Overall, we see that 23.7 percent of San Diego's population lived within 1,000 feet of a freeway in 2010.

Loosely speaking, if you randomly selected a person from San Diego county in 2010, the probability that individual lived within the buffer would 0.237.

If we now condition on race/ethnicity, we see differences emerge.

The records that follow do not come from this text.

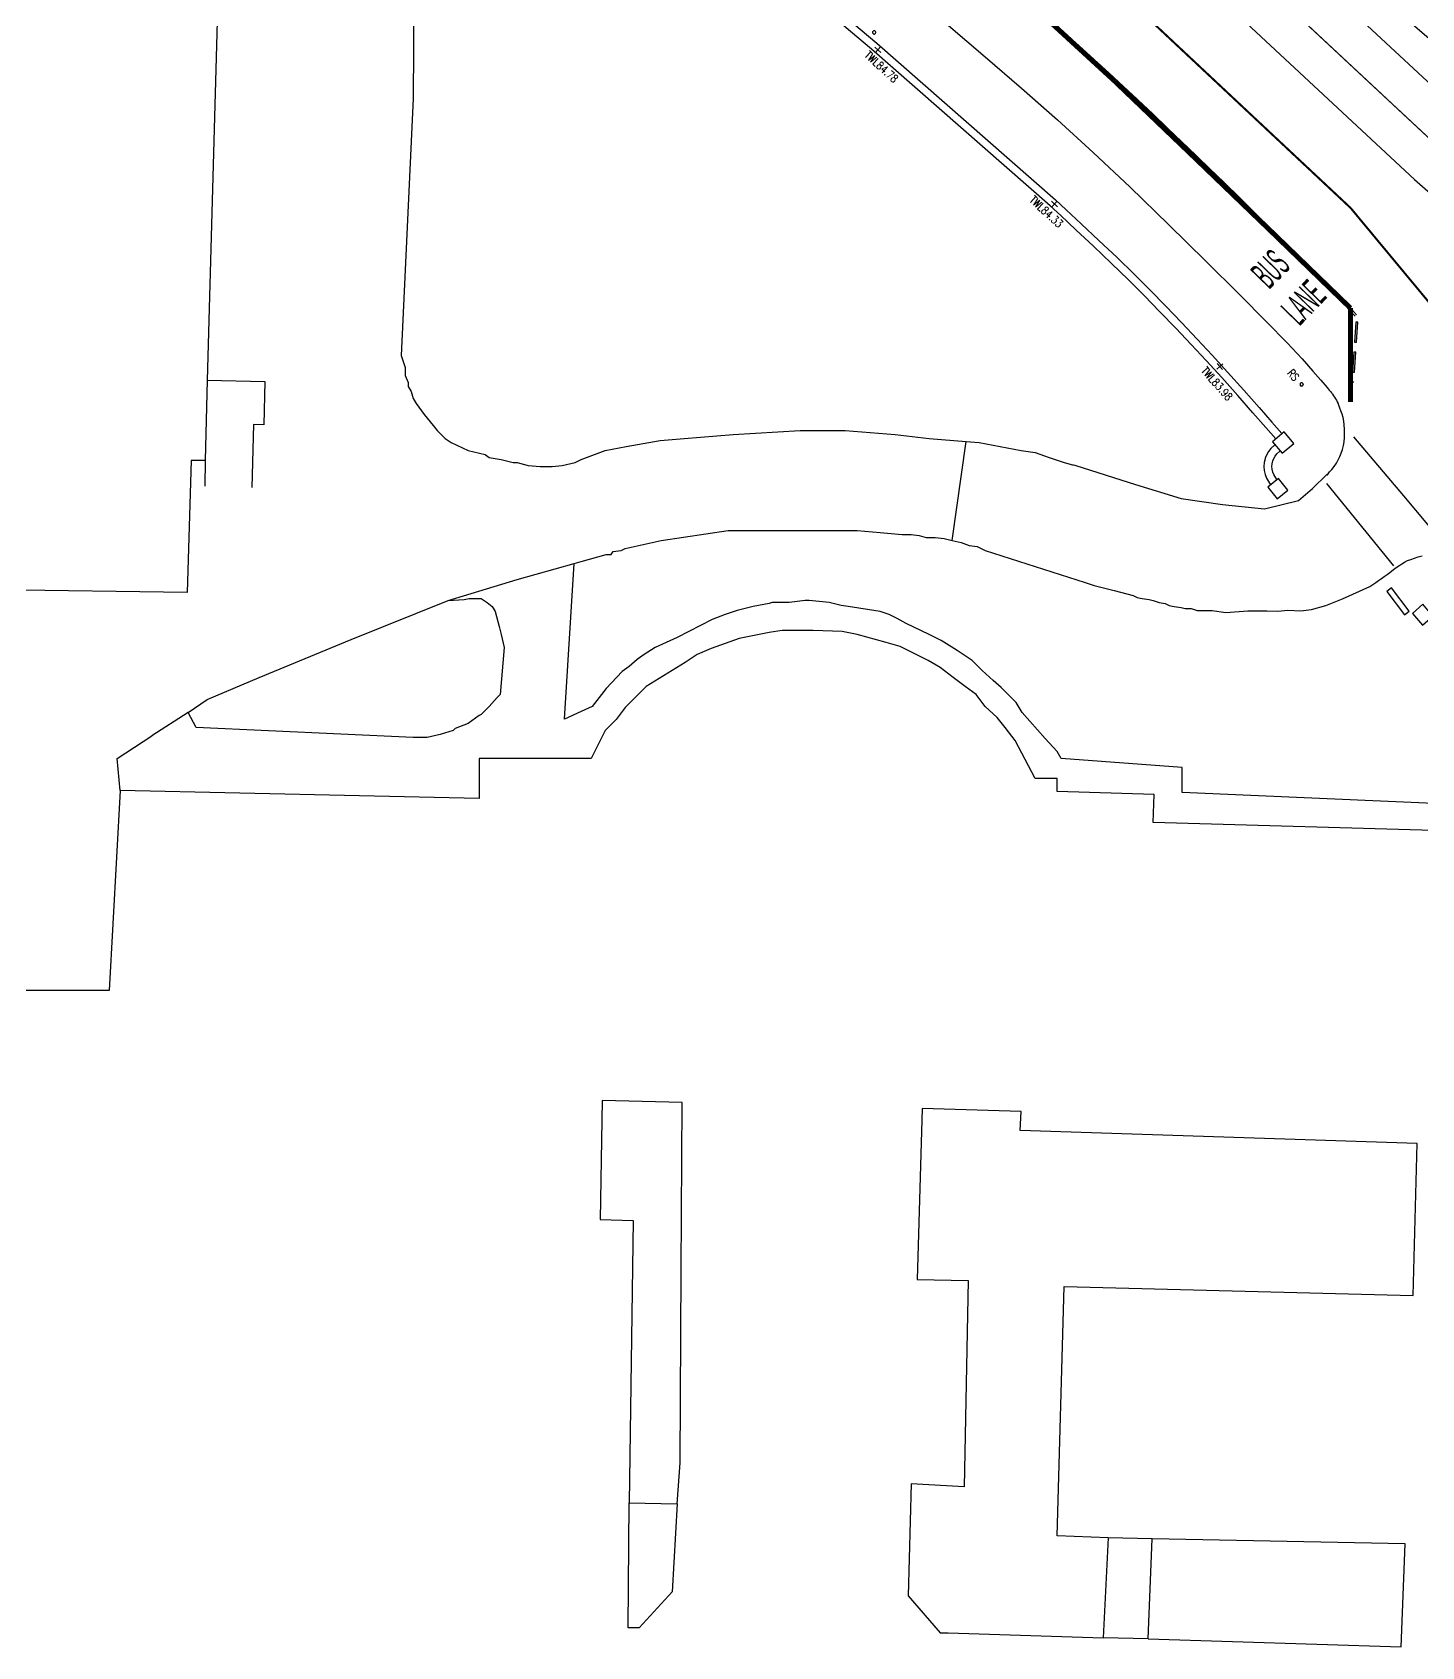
# Model space of a CAD drawing. Extents: x 427500 to 429848, y 434500 to 436505.
# Drawn here: x 429472.6 to 429542, y 434767.6 to 434848.3 of the extents above; entities that cross this region are included whole.
import ezdxf

# ---------------------------------------------------------------- set-up
doc = ezdxf.new("R2010")
doc.units = 0
doc.linetypes.add('1004', pattern=[6, 4, -2])
doc.linetypes.add('1010', pattern=[2, 1, -1])
doc.layers.get('0').update_dxf_attribs({"color": 222})
for name, color, linetype in [('LPTIP_Ex_Base', 8, 'Continuous'), ('PRO-MARKINGS', 7, 'Continuous'), ('PROPOSED', 1, 'Continuous')]:
    doc.layers.add(name, color=color, linetype=linetype)
doc.styles.add('ARIAL', font='arial.ttf', dxfattribs={"width": 0.8})
doc.styles.get("Standard").update_dxf_attribs({"font": 'romans.shx'})

# ---------------------------------------------------------------- blocks, each defined once
blk = doc.blocks.new('CIRCL')
at = {"color": 0, "linetype": 'ByBlock', "flags": 128}
for points in [[(0.5, 0), (0.475, 0.154), (0.404, 0.293), (0.293, 0.404), (0.154, 0.475), (0, 0.5), (-0.154, 0.475), (-0.293, 0.404), (-0.404, 0.293), (-0.475, 0.154), (-0.5, 0), (-0.475, -0.154), (-0.404, -0.293), (-0.293, -0.404), (-0.154, -0.475), (0, -0.5), (0.154, -0.475), (0.293, -0.404), (0.404, -0.293), (0.475, -0.154)], [(0.5, 0), (0.475, -0.154)]]:
    blk.add_lwpolyline(points, dxfattribs=at)
blk = doc.blocks.new('SPOT')
at = {"color": 0, "linetype": 'ByBlock', "flags": 128}
for points in [[(-0.5, 0), (0.5, 0)], [(0, 0.5), (0, -0.5)]]:
    blk.add_lwpolyline(points, dxfattribs=at)

msp = doc.modelspace()

# ---------------------------------------------------------------- linework, layer by layer
at = {"layer": 'LPTIP_Ex_Base', "color": 251, "true_color": 0x636466}
for p, q in [((429482.15, 434861.35), (429481.311, 434830.919)), ((429491.7, 434857.9), (429491.6, 434845)), ((429491.6, 434845), (429491, 434832.15)), ((429491, 434832.15), (429491.2, 434831.55)), ((429491.2, 434831.55), (429491.2, 434831.15)), ((429481.311, 434830.919), (429481.2, 434826.9)), ((429481.311, 434830.919), (429484.195, 434830.84)), ((429484.195, 434830.84), (429484.136, 434828.689)), ((429491.2, 434831.15), (429491.35, 434830.8)), ((429491.35, 434830.8), (429491.35, 434830.6)), ((429491.35, 434830.6), (429491.5, 434830.35)), ((429491.5, 434830.35), (429491.6, 434830)), ((429491.6, 434830), (429491.75, 434829.75)), ((429491.75, 434829.75), (429492.15, 434829.2)), ((429492.15, 434829.2), (429492.6, 434828.65)), ((429483.622, 434828.703), (429483.535, 434825.544)), ((429484.136, 434828.689), (429483.622, 434828.703)), ((429492.6, 434828.65), (429492.8, 434828.4)), ((429492.8, 434828.4), (429493.2, 434828)), ((429507.6, 434828.2), (429510.95, 434828.4)), ((429510.95, 434828.4), (429513.2, 434828.4)), ((429513.2, 434828.4), (429515.7, 434828.2)), ((429493.2, 434828), (429493.5, 434827.8)), ((429493.5, 434827.8), (429494.35, 434827.4)), ((429501.2, 434827.4), (429502.25, 434827.6)), ((429502.25, 434827.6), (429503.95, 434827.9)), ((429503.95, 434827.9), (429505.15, 434828)), ((429505.15, 434828), (429507.6, 434828.2)), ((429515.7, 434828.2), (429517.4, 434828)), ((429517.4, 434828), (429519.251, 434827.852)), ((429518.55, 434822.9), (429519.251, 434827.852)), ((429519.251, 434827.852), (429519.9, 434827.8)), ((429519.9, 434827.8), (429522, 434827.4)), ((429480.5, 434826.9), (429480.3, 434820.3)), ((429481.2, 434826.9), (429480.5, 434826.9)), ((429481.2, 434826.9), (429481.192, 434825.621)), ((429494.35, 434827.4), (429495.2, 434827.2)), ((429495.2, 434827.2), (429495.4, 434827.05)), ((429495.4, 434827.05), (429496, 434826.95)), ((429496, 434826.95), (429496.6, 434826.8)), ((429496.6, 434826.8), (429496.8, 434826.8)), ((429496.8, 434826.8), (429497.35, 434826.65)), ((429497.35, 434826.65), (429497.95, 434826.6)), ((429498.55, 434826.6), (429499.05, 434826.65)), ((429499.05, 434826.65), (429499.7, 434826.8)), ((429499.7, 434826.8), (429500, 434826.95)), ((429500, 434826.95), (429501.2, 434827.4)), ((429522, 434827.4), (429522.7, 434827.3)), ((429522.7, 434827.3), (429523.4, 434827.05)), ((429523.4, 434827.05), (429524.15, 434826.8)), ((429524.15, 434826.8), (429524.564, 434826.689)), ((429524.564, 434826.689), (429524.622, 434826.674)), ((429524.622, 434826.674), (429524.682, 434826.662)), ((429524.682, 434826.662), (429524.741, 434826.652)), ((429524.741, 434826.652), (429527.715, 434825.703)), ((429497.95, 434826.6), (429498.55, 434826.6)), ((429527.715, 434825.703), (429530, 434825)), ((429530, 434825), (429532.071, 434824.691)), ((429532.071, 434824.691), (429534.165, 434824.488)), ((429534.165, 434824.488), (429535.867, 434824.9)), ((429502.2, 434822.5), (429504, 434822.9)), ((429504, 434822.9), (429507.35, 434823.4)), ((429507.35, 434823.4), (429513.8, 434823.4)), ((429513.8, 434823.4), (429514.95, 434823.3)), ((429514.95, 434823.3), (429516.05, 434823.2)), ((429516.05, 434823.2), (429516.5, 434823.2)), ((429516.5, 434823.2), (429516.9, 434823.15)), ((429516.9, 434823.15), (429517.25, 434823.05)), ((429517.25, 434823.05), (429517.7, 434823.05)), ((429517.7, 434823.05), (429518.15, 434823)), ((429518.15, 434823), (429518.55, 434822.9)), ((429518.55, 434822.9), (429519, 434822.8)), ((429519, 434822.8), (429519.4, 434822.65)), ((429519.4, 434822.65), (429519.8, 434822.6)), ((429519.8, 434822.6), (429520.2, 434822.4)), ((429499.649, 434821.751), (429500, 434821.85)), ((429500, 434821.85), (429501.25, 434822.2)), ((429501.25, 434822.2), (429501.5, 434822.2)), ((429501.5, 434822.2), (429501.6, 434822.35)), ((429501.6, 434822.35), (429502, 434822.4)), ((429502, 434822.4), (429502.2, 434822.5)), ((429520.2, 434822.4), (429525.2, 434820.8)), ((429496.8, 434820.95), (429499.649, 434821.751)), ((429499.166, 434813.966), (429499.649, 434821.751)), ((429480.3, 434820.3), (429466.75, 434820.5)), ((429493.35, 434819.9), (429496.8, 434820.95)), ((429525.2, 434820.8), (429525.65, 434820.65)), ((429525.65, 434820.65), (429526.65, 434820.4)), ((429526.65, 434820.4), (429527.6, 434820.15)), ((429538.064, 434819.989), (429539.436, 434820.604)), ((429488.5, 434817.95), (429493.35, 434819.9)), ((429493.35, 434819.9), (429494.15, 434819.95)), ((429494.15, 434819.95), (429494.4, 434820)), ((429494.4, 434820), (429495, 434820)), ((429495, 434820), (429495.3, 434819.8)), ((429495.3, 434819.8), (429495.55, 434819.6)), ((429495.55, 434819.6), (429495.7, 434819.35)), ((429507.8, 434819.4), (429507.2, 434819.2)), ((429508.6, 434819.6), (429507.8, 434819.4)), ((429509.4, 434819.75), (429508.6, 434819.6)), ((429509.55, 434819.8), (429509.4, 434819.75)), ((429510.4, 434819.8), (429509.55, 434819.8)), ((429511.2, 434819.9), (429510.4, 434819.8)), ((429511.4, 434819.9), (429511.2, 434819.9)), ((429512.4, 434819.8), (429511.4, 434819.9)), ((429513, 434819.65), (429512.4, 434819.8)), ((429513.35, 434819.6), (429513, 434819.65)), ((429514.95, 434819.35), (429513.35, 434819.6)), ((429527.6, 434820.15), (429527.8, 434820.05)), ((429527.8, 434820.05), (429528.05, 434820)), ((429528.05, 434820), (429528.4, 434819.95)), ((429528.4, 434819.95), (429528.6, 434819.9)), ((429528.6, 434819.9), (429528.9, 434819.8)), ((429528.9, 434819.8), (429529.2, 434819.75)), ((429529.2, 434819.75), (429529.4, 434819.65)), ((429529.4, 434819.65), (429529.65, 434819.6)), ((429529.65, 434819.6), (429530, 434819.55)), ((429530, 434819.55), (429530.2, 434819.5)), ((429530.2, 434819.5), (429530.5, 434819.5)), ((429530.5, 434819.5), (429530.8, 434819.4)), ((429530.8, 434819.4), (429531.55, 434819.4)), ((429531.55, 434819.4), (429532.235, 434819.295)), ((429532.235, 434819.295), (429533.326, 434819.389)), ((429533.326, 434819.389), (429534.274, 434819.389)), ((429534.274, 434819.389), (429534.828, 434819.374)), ((429534.828, 434819.374), (429535.333, 434819.421)), ((429534.828, 434819.374), (429534.828, 434819.374)), ((429535.333, 434819.421), (429535.981, 434819.389)), ((429535.981, 434819.389), (429536.519, 434819.453)), ((429536.519, 434819.453), (429537.23, 434819.642)), ((429537.23, 434819.642), (429538.064, 434819.989)), ((429495.7, 434819.35), (429495.9, 434818.6)), ((429495.9, 434818.6), (429496, 434818.2)), ((429506.55, 434818.95), (429504.8, 434818.05)), ((429507.2, 434819.2), (429506.55, 434818.95)), ((429515.4, 434819.2), (429514.95, 434819.35)), ((429515.8, 434819), (429515.4, 434819.2)), ((429516.25, 434818.75), (429515.8, 434819)), ((429517.4, 434818.2), (429516.25, 434818.75)), ((429483.9, 434816.05), (429488.5, 434817.95)), ((429496, 434818.2), (429496.15, 434817.55)), ((429504.8, 434818.05), (429503.7, 434817.55)), ((429507.9, 434818), (429506.5, 434817.5)), ((429509.4, 434818.3), (429507.9, 434818)), ((429510.05, 434818.4), (429509.4, 434818.3)), ((429511.6, 434818.4), (429510.05, 434818.4)), ((429513.05, 434818.35), (429511.6, 434818.4)), ((429513.8, 434818.2), (429513.05, 434818.35)), ((429515.25, 434817.8), (429513.8, 434818.2)), ((429515.95, 434817.6), (429515.25, 434817.8)), ((429518, 434817.9), (429517.4, 434818.2)), ((429518.8, 434817.4), (429518, 434817.9)), ((429496.15, 434817.55), (429495.95, 434815.2)), ((429502.8, 434816.95), (429502.4, 434816.6)), ((429503.15, 434817.2), (429502.8, 434816.95)), ((429503.7, 434817.55), (429503.15, 434817.2)), ((429505.8, 434817.2), (429505.2, 434816.8)), ((429506.5, 434817.5), (429505.8, 434817.2)), ((429517.35, 434816.9), (429515.95, 434817.6)), ((429519.55, 434816.9), (429518.8, 434817.4)), ((429502.05, 434816.35), (429501.25, 434815.5)), ((429502.4, 434816.6), (429502.05, 434816.35)), ((429505.2, 434816.8), (429503.25, 434815.6)), ((429517.95, 434816.55), (429517.35, 434816.9)), ((429518.6, 434816.05), (429517.95, 434816.55)), ((429520.05, 434816.4), (429519.55, 434816.9)), ((429520.6, 434815.9), (429520.05, 434816.4)), ((429481.3, 434814.95), (429483.9, 434816.05)), ((429501.25, 434815.5), (429500.55, 434814.6)), ((429503.25, 434815.6), (429502.2, 434814.55)), ((429519.2, 434815.6), (429518.6, 434816.05)), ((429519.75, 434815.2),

If you randomly selected a person who identified as nonhispanic white on the census, that probability drops to 0.222.

The probability that a randomly selected person from the hispanic population in the county resided in the buffer is estimed at 0.274.

And for individuals who identified as black, the probability of residing in the freeway buffer is 0.221.







Another way to look at this is to compare the population composition for the county as a whole to the population composition for the buffers.

In [None]:
base.county_composition

In [None]:
estimates[extensive_variables]/estimates.n_total_pop[0]

What we find is that the white population is underrepresented within the buffer (45.5 percent of the buffer population versus 48.5 percent of the county population),
the hispanic population is overrepresented within the buffer (37 percent of the buffer population versus 32 percent of the county population), and the 
black population is slightly underrepresented within the buffer (4.5 percent of the buffer population versus 4.8 percent of the county poulation).

## Summary

This notebook introduces a number of spatial methods that are used in environmental disparities research. 
These focus on exploratory analysis which lets the student interact with the spatial patterns underlying the world they experience.